• Task data
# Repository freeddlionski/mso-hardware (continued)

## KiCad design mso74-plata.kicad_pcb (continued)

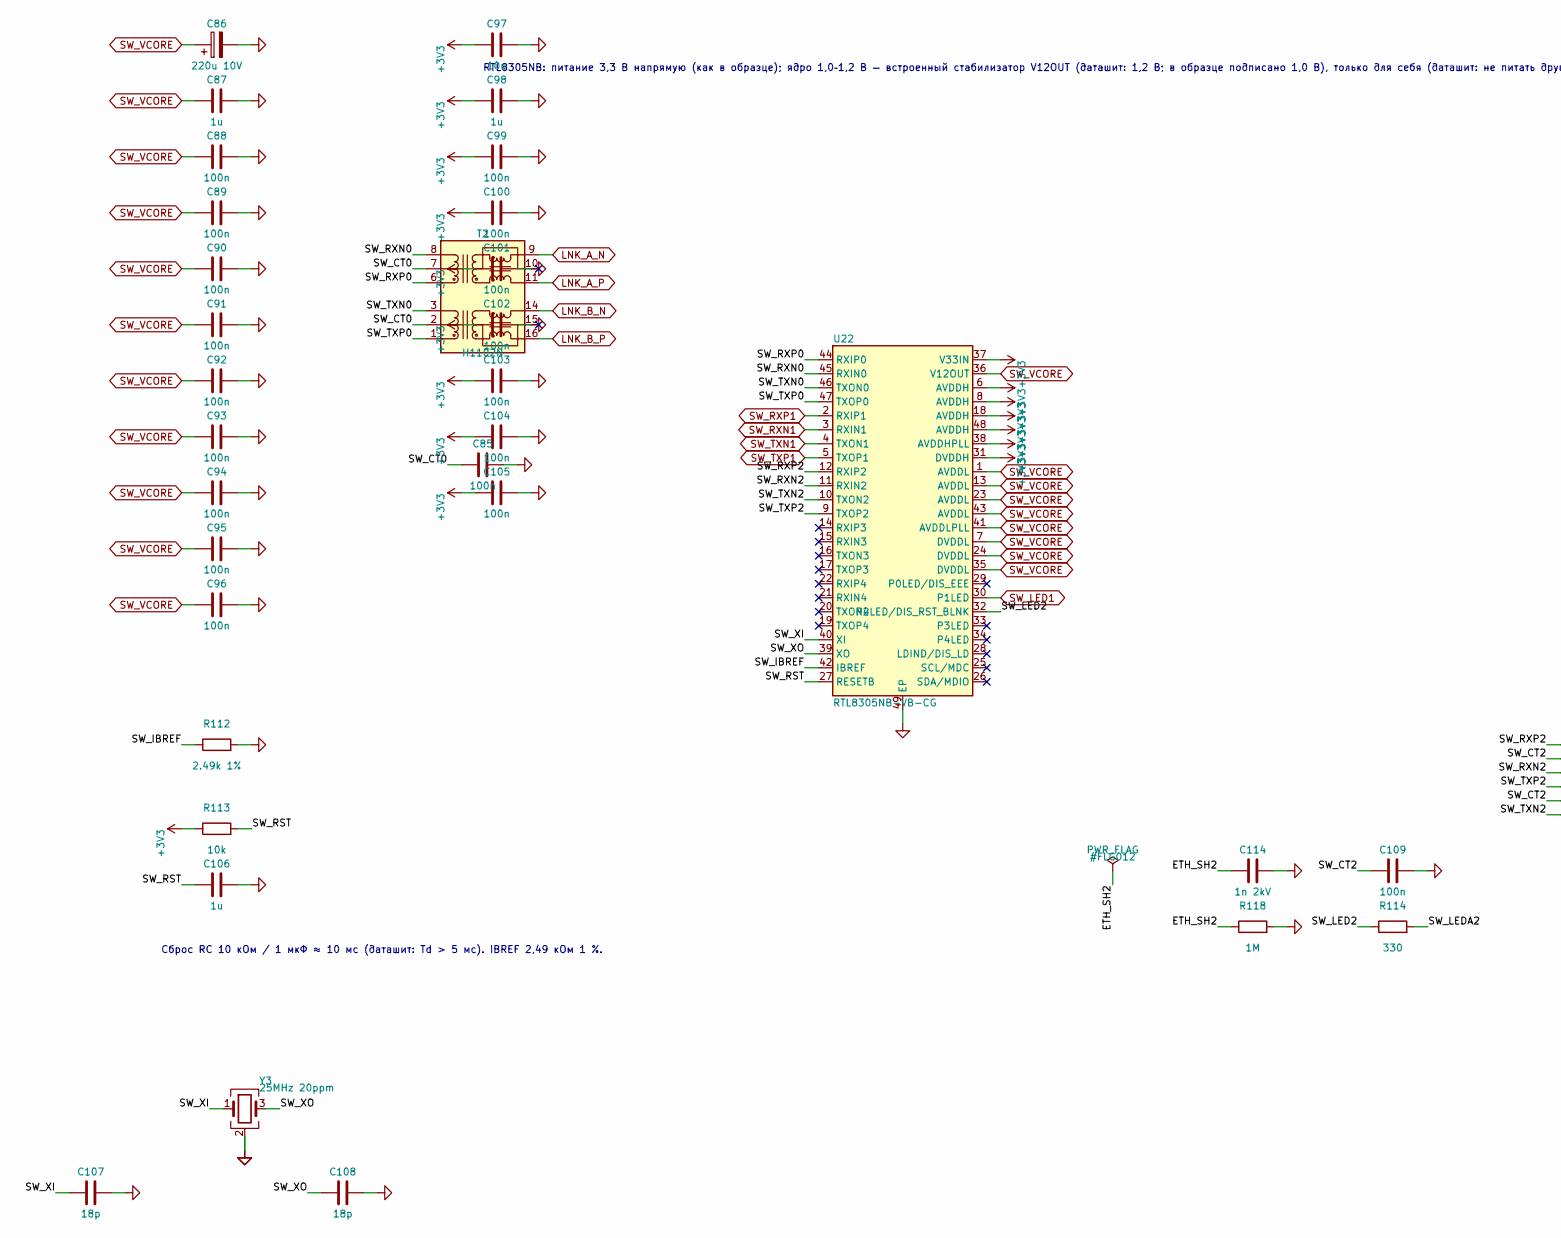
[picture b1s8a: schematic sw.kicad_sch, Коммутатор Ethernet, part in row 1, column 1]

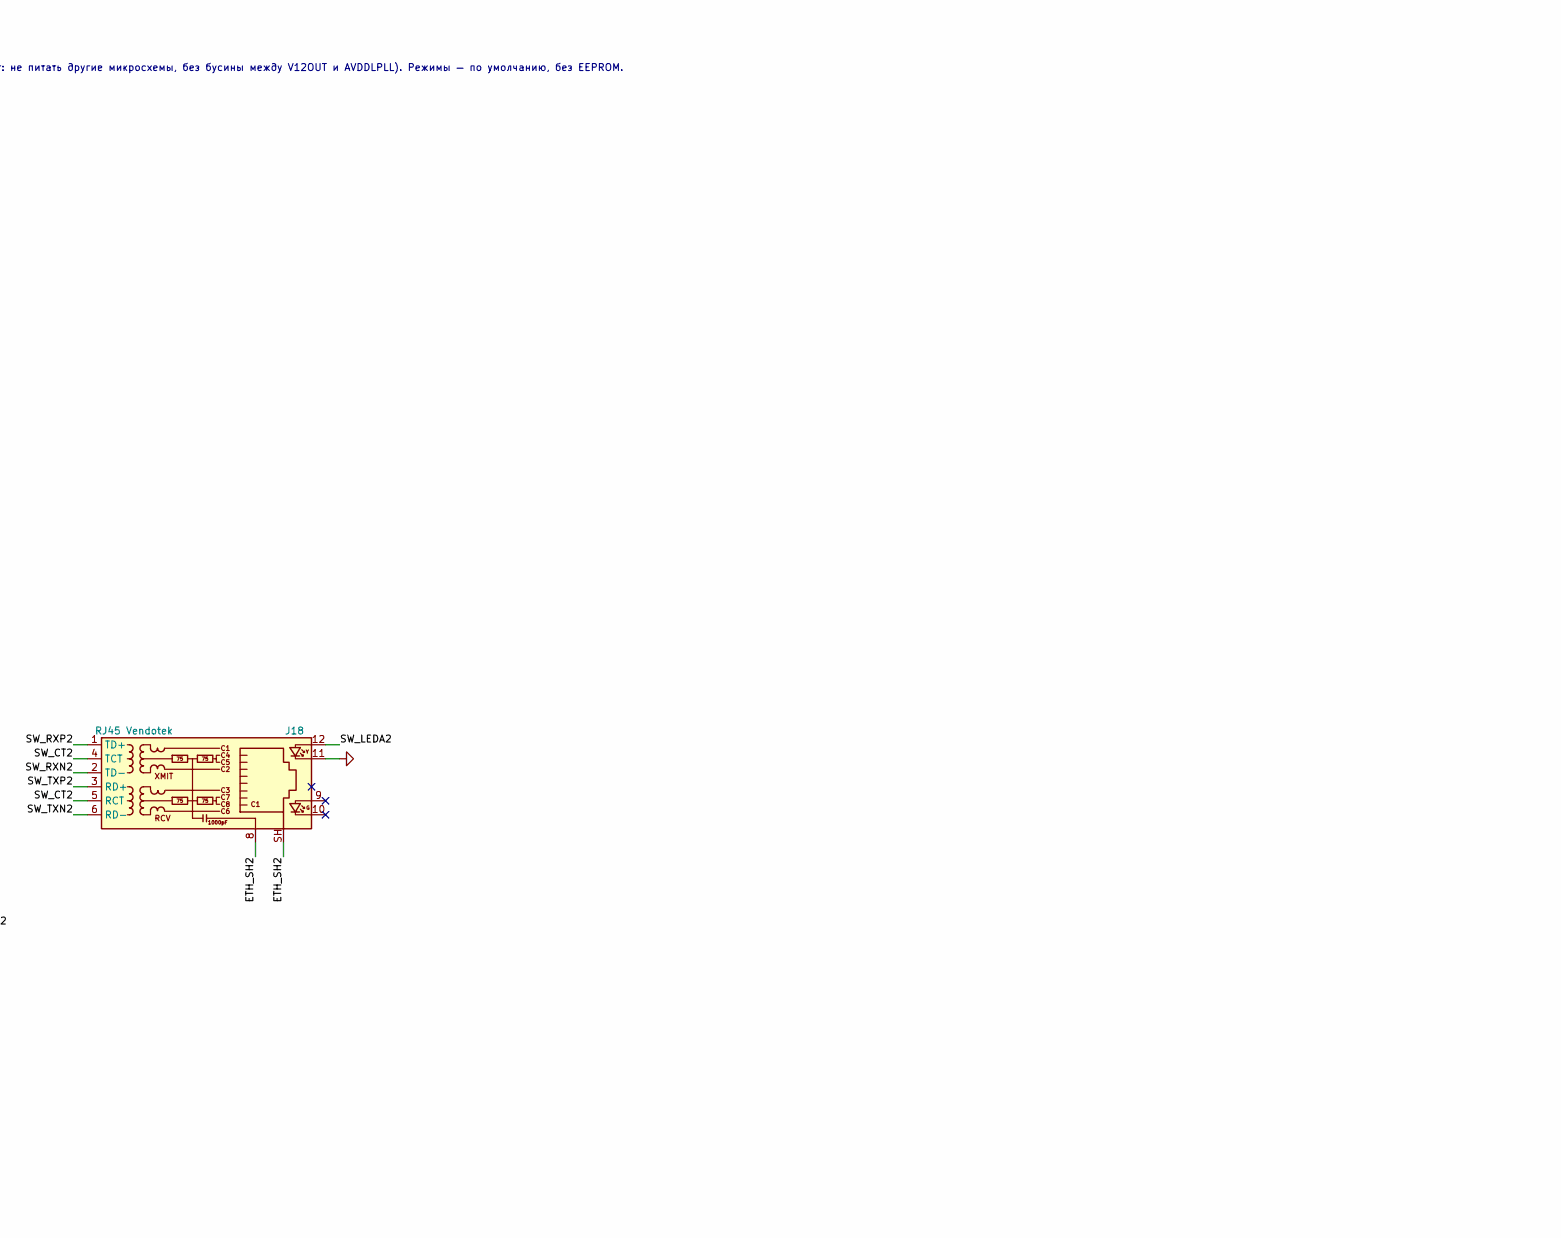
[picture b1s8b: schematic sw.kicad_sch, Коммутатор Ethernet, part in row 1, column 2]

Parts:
C85, C88, C89, C90, C91, C92, C93, C94, C95, C96, C99, C100, C101, C102, C103, C104, C105, C109: 100n; C_0603_1608Metric; MPN CC0603KRX7R9BB104; LCSC C14663
C86: 220u 10V; CP_Elec_6.3x5.4; MPN RVT220UF10V67RV0037; LCSC C2833309
C87, C98, C106: 1u; C_0603_1608Metric; MPN 0603X105K500NT; LCSC C157684
C97: 10u; C_0805_2012Metric; MPN CL21A106KOQNNNE; LCSC C1713
C107, C108: 18p; C_0603_1608Metric; MPN CL10C180JB8NNNC; LCSC C1647
C114: 1n 2kV; C_1206_3216Metric; MPN 1206B102K202NT; LCSC C9196
J18: RJ45 Vendotek; RJ45_Hanrun_HR911105A_Horizontal; MPN HR911105A; LCSC C12074
R112: 2.49k 1%; R_0603_1608Metric; MPN 0603WAD2491T5E; LCSC C407609
R113: 10k; R_0603_1608Metric; MPN 0603WAF1002T5E; LCSC C25804
R114: 330; R_0603_1608Metric; MPN 0603WAF3300T5E; LCSC C23138
R118: 1M; R_0603_1608Metric; MPN 0603WAF1004T5E; LCSC C22935
T2: H1102N; Transformer_Ethernet_CNDtek_H1102N; MPN CND-tek H1102N; LCSC C42418465
U22: RTL8305NB-VB-CG; QFN-48-1EP_6x6mm_P0.4mm_EP4.4x4.4mm; MPN RTL8305NB-VB-CG; LCSC C3010343
Y3: 25MHz 20ppm; Crystal_SMD_3225-4Pin_3.2x2.5mm; MPN X322525MOB4SI; LCSC C9006

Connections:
+3V3: C97.1, C98.1, C99.1, C100.1, C101.1, C102.1, C103.1, C104.1, C105.1, R113.1, U22.6 (AVDDH), U22.8 (AVDDH), U22.18 (AVDDH), U22.31 (DVDDH), U22.37 (V33IN), U22.38 (AVDDHPLL), U22.48 (AVDDH); also elsewhere on the board
/Коммутатор Ethernet/ETH_SH2: C114.1, J18.8, J18.SH, R118.1
/Коммутатор Ethernet/SW_CT0: C85.1, T2.2 (C_TD), T2.7 (C_RD)
/Коммутатор Ethernet/SW_CT2: C109.1, J18.4 (TCT), J18.5 (RCT)
/Коммутатор Ethernet/SW_IBREF: R112.1, U22.42 (IBREF)
/Коммутатор Ethernet/SW_LED2: R114.1, U22.32 (P2LED/DIS_RST_BLNK)
/Коммутатор Ethernet/SW_LEDA2: J18.12, R114.2
/Коммутатор Ethernet/SW_RST: C106.1, R113.2, U22.27 (RESETB)
/Коммутатор Ethernet/SW_RXN0: T2.8 (RD-), U22.45 (RXIN0)
/Коммутатор Ethernet/SW_RXN2: J18.2 (TD-), U22.11 (RXIN2)
/Коммутатор Ethernet/SW_RXP0: T2.6 (RD+), U22.44 (RXIP0)
/Коммутатор Ethernet/SW_RXP2: J18.1 (TD+), U22.12 (RXIP2)
/Коммутатор Ethernet/SW_TXN0: T2.3 (TD-), U22.46 (TXON0)
/Коммутатор Ethernet/SW_TXN2: J18.6 (RD-), U22.10 (TXON2)
/Коммутатор Ethernet/SW_TXP0: T2.1 (TD+), U22.47 (TXOP0)
/Коммутатор Ethernet/SW_TXP2: J18.3 (RD+), U22.9 (TXOP2)
/Коммутатор Ethernet/SW_XI: C107.1, U22.40 (XI), Y3.1
/Коммутатор Ethernet/SW_XO: C108.1, U22.39 (XO), Y3.3
GND: C85.2, C86.2, C87.2, C88.2, C89.2, C90.2, C91.2, C92.2, C93.2, C94.2, C95.2, C96.2, C97.2, C98.2, C99.2, C100.2, C101.2, C102.2, C103.2, C104.2, C105.2, C106.2, C107.2, C108.2, C109.2, C114.2, J18.11, R112.2, R118.2, U22.49 (EP), Y3.2 (G), Y3.4 (G); also elsewhere on the board
LNK_A_N: T2.9 (RX-); also elsewhere on the board
LNK_A_P: T2.11 (RX+); also elsewhere on the board
LNK_B_N: T2.14 (TX-); also elsewhere on the board
LNK_B_P: T2.16 (TX+); also elsewhere on the board
SW_LED1: U22.30 (P1LED); also elsewhere on the board
SW_RXN1: U22.3 (RXIN1); also elsewhere on the board
SW_RXP1: U22.2 (RXIP1); also elsewhere on the board
SW_TXN1: U22.4 (TXON1); also elsewhere on the board
SW_TXP1: U22.5 (TXOP1); also elsewhere on the board
SW_VCORE: C86.1, C87.1, C88.1, C89.1, C90.1, C91.1, C92.1, C93.1, C94.1, C95.1, C96.1, U22.1 (AVDDL), U22.7 (DVDDL), U22.13 (AVDDL), U22.23 (AVDDL), U22.24 (DVDDL), U22.35 (DVDDL), U22.36 (V12OUT), U22.41 (AVDDLPLL), U22.43 (AVDDL); also elsewhere on the board

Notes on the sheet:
RTL8305NB: питание 3,3 В напрямую (как в образце); ядро 1,0–1,2 В — встроенный стабилизатор V12OUT (даташит: 1,2 В; в образце подписано 1,0 В), только для себя (даташит: не питать другие микросхемы, без бусины между V12OUT и AVDDLPLL). Режимы — по умолчанию, без EEPROM.
Сброс RC 10 кОм / 1 мкФ ≈ 10 мс (даташит: Td > 5 мс). IBREF 2,49 кОм 1 %.

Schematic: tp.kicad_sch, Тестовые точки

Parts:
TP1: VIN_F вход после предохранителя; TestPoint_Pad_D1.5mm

• What is required
Filter on the word "column": copy each matching line from the entries above.

• Solution to this problem
[picture b1s8a: schematic sw.kicad_sch, Коммутатор Ethernet, part in row 1, column 1]
[picture b1s8b: schematic sw.kicad_sch, Коммутатор Ethernet, part in row 1, column 2]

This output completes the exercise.